Cowslip (Primula veris) is a herbaceous perennial native to most of temperate Europe and western Asia. The spring blooming plant produces cluster of deep yellow flowers that are valued for both wine and vinegar. In the 1931 children’s book “The Country Child” by English author Alison Uttley, the 9 year old farmer’s daughter participates in the family’s preparation of cowslip wine that is served in “little fluted glasses” with a biscuit and was considered “more precious than elderberry wine.” My paternal grandmother, Helen S. Wright, included a recipe for cowslip wine her her 1909 book, Old Time Recipes for Home Made Wines.
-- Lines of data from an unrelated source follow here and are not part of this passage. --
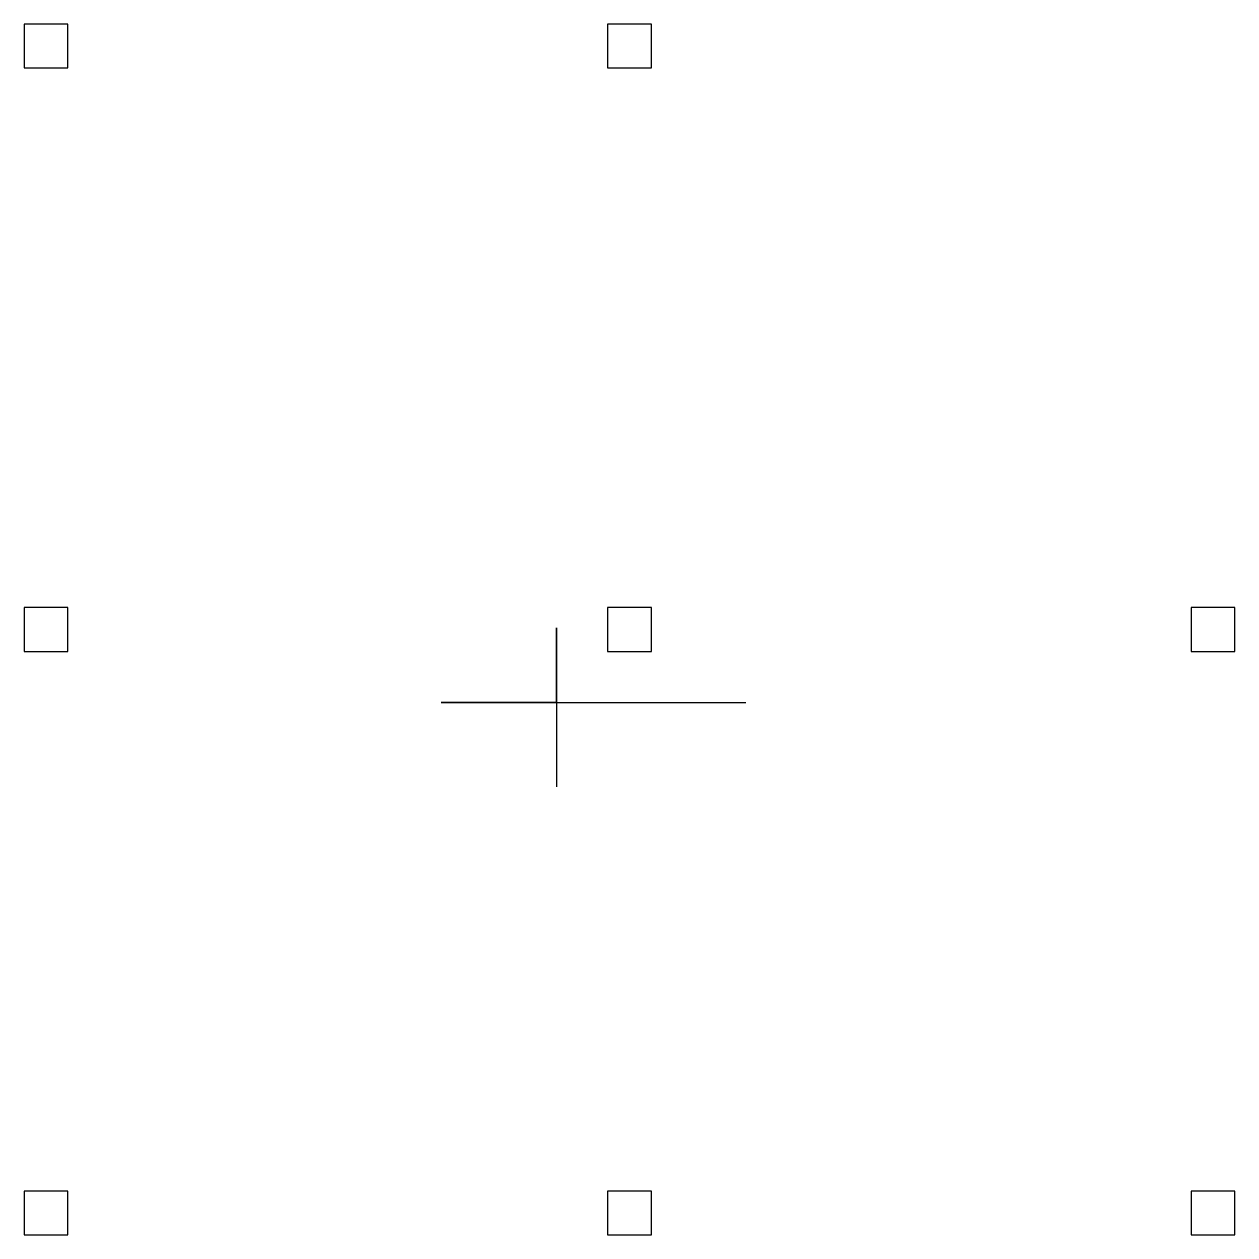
# Model space of a CAD drawing. Header units: metres. Extents: x -0.3 to 16.3, y -0.3 to 16.3.
import ezdxf

# ---------------------------------------------------------------- set-up
doc = ezdxf.new("R2010")
doc.units = ezdxf.units.M
doc.layers.add('PREF', color=72, linetype='Continuous')

msp = doc.modelspace()

# ---------------------------------------------------------------- linework, layer by layer
for points in [[(7, 7), (7, 8.022), (7, 5.843)], [(7, 7), (5.418, 7), (9.593, 7)]]:
    msp.add_lwpolyline(points)
at = {"layer": 'PREF'}
for points in [[(-0.3, 16.3), (-0.3, 15.7), (0.3, 15.7), (0.3, 16.3)], [(7.7, 16.3), (7.7, 15.7), (8.3, 15.7), (8.3, 16.3)], [(-0.3, 8.3), (-0.3, 7.7), (0.3, 7.7), (0.3, 8.3)], [(7.7, 8.3), (7.7, 7.7), (8.3, 7.7), (8.3, 8.3)], [(15.7, 8.3), (15.7, 7.7), (16.3, 7.7), (16.3, 8.3)], [(-0.3, 0.3), (-0.3, -0.3), (0.3, -0.3), (0.3, 0.3)], [(7.7, 0.3), (7.7, -0.3), (8.3, -0.3), (8.3, 0.3)], [(15.7, 0.3), (15.7, -0.3), (16.3, -0.3), (16.3, 0.3)]]:
    msp.add_lwpolyline(points, close=True, dxfattribs=at)

doc.saveas('drawing.dxf')

Photo Credit Wikipedia
In the words of my grandmother:
“To three gallons of water put seven pounds of sugar; stir it well together, and beat the whites of ten eggs very well, and mix with the liquor, and make it boil as fast as possible. Skim it well, and let it continue boiling ten hours; then strain it through a hair sieve, and set it a cooling, and when it is cold as wort should be, put a small quantity of yeast to it on a toast, or in a dish. Let it stand all night working; then bruise one-half peck of cowslips, put them into your vessel, and your liquor upon them, adding three ounces of syrup of lemons. Cut a turf of grass and lay on the bung; let it stand a fortnight, and then bottle it. Put your tap into your vessel before you put your wine in, that you may not shake it.”